Фролов думал, что они будут долго обсуждать эту жертву, но, как ни странно, все отнеслись к этой идее спокойно. Он даже испугался — что это? Откуда в нем эта жестокость? Ладно Бажанов, в нем до сих пор жил недовоевавший командир батареи, ладно он, Фролов, тоже посылавший людей на смерть — и они зачастую были посимпатичнее этого золотозубого нефтяника. Фролов однажды накрыл огнем своих корректировщиков — никакого «вызываю огонь на себя» там не было. Все было буднично и просто, этого требовала логика боя, да, может, они и были к этому моменту мертвы… Но откуда такое спокойствие в Гринблате? Впрочем, тому наверняка хочется победы, недополученной на войне. Он будет казниться потом, но это — потом.


Они приехали на электричке — ни дать ни взять двое работяг с каким-то измерительным инструментом.

У Бажанова в руках была гигантская бело-красная линейка, размеченная штрихами.

А у его напарника на плече длинный брезентовый мешок.

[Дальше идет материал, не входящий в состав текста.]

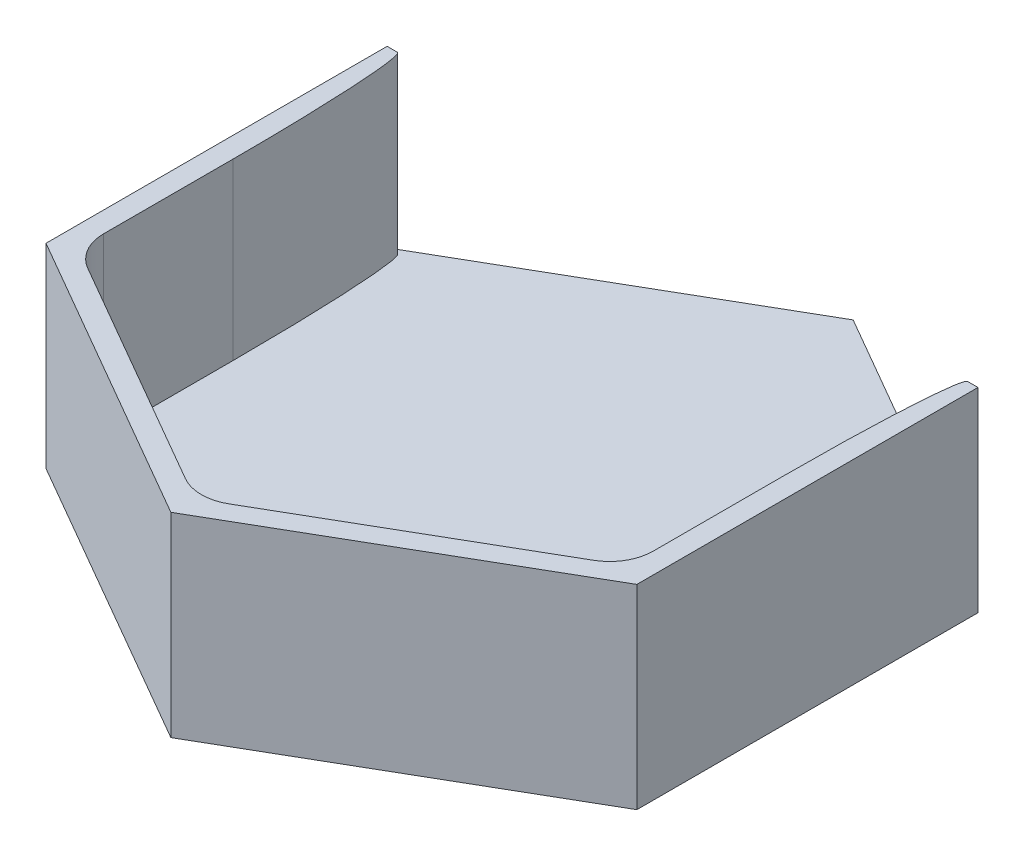
ISO-10303-21;
HEADER;
FILE_DESCRIPTION(('STEP AP214'),'2;1');
FILE_NAME('part.step','',(''),(''),'','','');
FILE_SCHEMA(('AUTOMOTIVE_DESIGN { 1 0 10303 214 1 1 1 1 }'));
ENDSEC;
DATA;
#1=APPLICATION_CONTEXT('core data for automotive mechanical design processes');
#2=APPLICATION_PROTOCOL_DEFINITION('international standard','automotive_design',2000,#1);
#3=PRODUCT_CONTEXT('',#1,'mechanical');
#4=PRODUCT('Part','Part','',(#3));
#5=PRODUCT_RELATED_PRODUCT_CATEGORY('part','',(#4));
#6=PRODUCT_DEFINITION_FORMATION('','',#4);
#7=PRODUCT_DEFINITION_CONTEXT('part definition',#1,'design');
#8=PRODUCT_DEFINITION('design','',#6,#7);
#9=PRODUCT_DEFINITION_SHAPE('','',#8);
#10=(LENGTH_UNIT() NAMED_UNIT(*) SI_UNIT(.MILLI.,.METRE.));
#11=(NAMED_UNIT(*) PLANE_ANGLE_UNIT() SI_UNIT($,.RADIAN.));
#12=(NAMED_UNIT(*) SI_UNIT($,.STERADIAN.) SOLID_ANGLE_UNIT());
#13=UNCERTAINTY_MEASURE_WITH_UNIT(LENGTH_MEASURE(1.E-05),#10,'distance_accuracy_value','');
#14=(GEOMETRIC_REPRESENTATION_CONTEXT(3) GLOBAL_UNCERTAINTY_ASSIGNED_CONTEXT((#13)) GLOBAL_UNIT_ASSIGNED_CONTEXT((#10,
#11,#12)) REPRESENTATION_CONTEXT('',''));
#15=CARTESIAN_POINT('',(0.,0.,0.));
#16=DIRECTION('',(0.,0.,1.));
#17=DIRECTION('',(1.,0.,0.));
#18=AXIS2_PLACEMENT_3D('',#15,#16,#17);
#19=CARTESIAN_POINT('',(-2.48065457064683E-13,25.4,-49.6521231503077));
#20=DIRECTION('',(0.499999999999999,0.,0.866025403784439));
#21=DIRECTION('',(0.866025403784439,0.,-0.499999999999999));
#22=AXIS2_PLACEMENT_3D('',#19,#20,#21);
#23=PLANE('',#22);
#24=DIRECTION('',(0.,-1.,0.));
#25=VECTOR('',#24,1.);
#26=CARTESIAN_POINT('',(-43.,25.4,-24.826061575154));
#27=LINE('',#26,#25);
#28=CARTESIAN_POINT('',(-43.,0.,-24.826061575154));
#29=VERTEX_POINT('',#28);
#30=CARTESIAN_POINT('',(-42.9999999999999,-3.,-24.8260615751542));
#31=VERTEX_POINT('',#30);
#32=EDGE_CURVE('E344',#29,#31,#27,.T.);
#33=ORIENTED_EDGE('',*,*,#32,.F.);
#34=DIRECTION('',(0.866025403784439,0.,-0.499999999999999));
#35=VECTOR('',#34,1.);
#36=CARTESIAN_POINT('',(-41.5,0.,-25.6920869789385));
#37=LINE('',#36,#35);
#38=CARTESIAN_POINT('',(4.02455846426619E-13,0.,-49.6521231503081));
#39=VERTEX_POINT('',#38);
#40=EDGE_CURVE('E227',#29,#39,#37,.T.);
#41=ORIENTED_EDGE('',*,*,#40,.T.);
#42=DIRECTION('',(0.,-1.,0.));
#43=VECTOR('',#42,1.);
#44=CARTESIAN_POINT('',(-2.48065457064683E-13,25.4,-49.6521231503077));
#45=LINE('',#44,#43);
#46=CARTESIAN_POINT('',(4.05925293378573E-13,-3.,-49.6521231503078));
#47=VERTEX_POINT('',#46);
#48=EDGE_CURVE('E224',#39,#47,#45,.T.);
#49=ORIENTED_EDGE('',*,*,#48,.T.);
#50=DIRECTION('',(0.866025403784442,0.,-0.499999999999994));
#51=VECTOR('',#50,1.);
#52=CARTESIAN_POINT('',(-42.9999999999999,-3.,-24.8260615751542));
#53=LINE('',#52,#51);
#54=EDGE_CURVE('E362',#31,#47,#53,.T.);
#55=ORIENTED_EDGE('',*,*,#54,.F.);
#56=EDGE_LOOP('',(#33,#41,#49,#55));
#57=FACE_BOUND('',#56,.T.);
#58=ADVANCED_FACE('F81',(#57),#23,.F.);
#59=CARTESIAN_POINT('',(0.,25.4,0.));
#60=DIRECTION('',(0.,1.,0.));
#61=DIRECTION('',(0.,0.,1.));
#62=AXIS2_PLACEMENT_3D('',#59,#60,#61);
#63=PLANE('',#62);
#64=DIRECTION('',(1.,0.,0.));
#65=VECTOR('',#64,1.);
#66=CARTESIAN_POINT('',(-43.,25.4,-24.826061575154));
#67=LINE('',#66,#65);
#68=CARTESIAN_POINT('',(41.5,25.4,-24.826061575154));
#69=VERTEX_POINT('',#68);
#70=CARTESIAN_POINT('',(43.,25.4,-24.826061575154));
#71=VERTEX_POINT('',#70);
#72=EDGE_CURVE('E233',#69,#71,#67,.T.);
#73=ORIENTED_EDGE('',*,*,#72,.F.);
#74=CARTESIAN_POINT('',(40.,25.4,0.573938424845981));
#75=CARTESIAN_POINT('',(40.0000000000002,25.4,-24.826061575154));
#76=CARTESIAN_POINT('',(41.5,25.4,-24.826061575154));
#77=(BOUNDED_CURVE() B_SPLINE_CURVE(2,(#74,#75,#76),.UNSPECIFIED.,.F.,
.F.) B_SPLINE_CURVE_WITH_KNOTS((3,3),(0.,1.),
.UNSPECIFIED.) CURVE() GEOMETRIC_REPRESENTATION_ITEM() RATIONAL_B_SPLINE_CURVE((1.,
0.707106781186549,1.)) REPRESENTATION_ITEM(''));
#78=CARTESIAN_POINT('',(40.,25.4,0.573938424845981));
#79=VERTEX_POINT('',#78);
#80=EDGE_CURVE('E386',#69,#79,#77,.F.);
#81=ORIENTED_EDGE('',*,*,#80,.T.);
#82=DIRECTION('',(0.,0.,-1.));
#83=VECTOR('',#82,1.);
#84=CARTESIAN_POINT('',(39.9999999999999,25.4,23.0940107675851));
#85=LINE('',#84,#83);
#86=CARTESIAN_POINT('',(39.9999999999999,25.4,19.427836558231));
#87=VERTEX_POINT('',#86);
#88=EDGE_CURVE('E285',#87,#79,#85,.T.);
#89=ORIENTED_EDGE('',*,*,#88,.F.);
#90=CARTESIAN_POINT('',(33.6499999999999,25.4,19.427836558231));
#91=DIRECTION('',(0.,1.,0.));
#92=DIRECTION('',(0.,0.,1.));
#93=AXIS2_PLACEMENT_3D('',#90,#91,#92);
#94=CIRCLE('',#93,6.35);
#95=CARTESIAN_POINT('',(36.825,25.4,24.9270978722622));
#96=VERTEX_POINT('',#95);
#97=EDGE_CURVE('E13',#87,#96,#94,.F.);
#98=ORIENTED_EDGE('',*,*,#97,.T.);
#99=DIRECTION('',(0.866025403784438,0.,-0.500000000000002));
#100=VECTOR('',#99,1.);
#101=CARTESIAN_POINT('',(0.,25.4,46.1880215351702));
#102=LINE('',#101,#100);
#103=CARTESIAN_POINT('',(3.17499999999998,25.4,44.3549344304931));
#104=VERTEX_POINT('',#103);
#105=EDGE_CURVE('E289',#104,#96,#102,.T.);
#106=ORIENTED_EDGE('',*,*,#105,.F.);
#107=CARTESIAN_POINT('',(0.,25.4,38.8556731164619));
#108=DIRECTION('',(0.,1.,0.));
#109=DIRECTION('',(0.,0.,1.));
#110=AXIS2_PLACEMENT_3D('',#107,#108,#109);
#111=CIRCLE('',#110,6.35);
#112=CARTESIAN_POINT('',(-3.17500000000005,25.4,44.3549344304931));
#113=VERTEX_POINT('',#112);
#114=EDGE_CURVE('E90',#104,#113,#111,.F.);
#115=ORIENTED_EDGE('',*,*,#114,.T.);
#116=DIRECTION('',(0.866025403784436,0.,0.500000000000005));
#117=VECTOR('',#116,1.);
#118=CARTESIAN_POINT('',(-40.,25.4,23.0940107675849));
#119=LINE('',#118,#117);
#120=CARTESIAN_POINT('',(-36.8250000000001,25.4,24.927097872262));
#121=VERTEX_POINT('',#120);
#122=EDGE_CURVE('E299',#121,#113,#119,.T.);
#123=ORIENTED_EDGE('',*,*,#122,.F.);
#124=CARTESIAN_POINT('',(-33.65,25.4,19.4278365582308));
#125=DIRECTION('',(0.,1.,0.));
#126=DIRECTION('',(0.,0.,1.));
#127=AXIS2_PLACEMENT_3D('',#124,#125,#126);
#128=CIRCLE('',#127,6.35);
#129=CARTESIAN_POINT('',(-40.,25.4,19.4278365582308));
#130=VERTEX_POINT('',#129);
#131=EDGE_CURVE('E292',#121,#130,#128,.F.);
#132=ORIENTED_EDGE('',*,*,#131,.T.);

Их было двое — Бажанов и приданный ему снайпер. Или, может, Бажанов был придан снайперу — им оказался невысокий парень с плоским монгольским лицом — глядя на это лицо вовсе не было понятно, сколько ему лет. Может, тридцать, а может, и все пятьдесят.

Когда они подошли к опушке леса, снайпер стал выбирать позицию.

Дорога тут была видна как на ладони — она изгибалась, делая крутой поворот, и уходила в лес, как раз к дачам министерства.

Снайпер расчехлил винтовку, и Бажанов подивился ее необычной форме. На фронте он видел снайперов с простыми трехлинейками, снабженными оптическими прицелами, а тут было что-то специальное.

— Новая разработка? — с уважением спросил Бажанов, но монгол ничего не ответил.

До дороги было метров восемьсот, и Бажанов даже обиделся за новую снайперскую винтовку — на войне он видел, что снайперы тогда били за полтора километра, но не ему тут было решать. Монгол вытащил большой бинокль и дал Бажанову.

— Я работаю по вашей команде — как опознаете машину.

Вечер догорал, как костер.

Они пропустили грузовик с песком, который, видно, прикупил один из сноровистых дачников — явно в обход строгих порядков. Оттого шофер гнал на дачи в неурочное время. Потом дорога надолго опустела.

Бажанова тянуло завязать разговор, да только понятно было, что никакого разговора не будет.

Грузовик проехал обратно.

Наконец из-за поворота показалась белая «Волга», ее Бажанов узнал бы из тысячи, да много ли тут «Волг» с таким бело-серебристым отливом.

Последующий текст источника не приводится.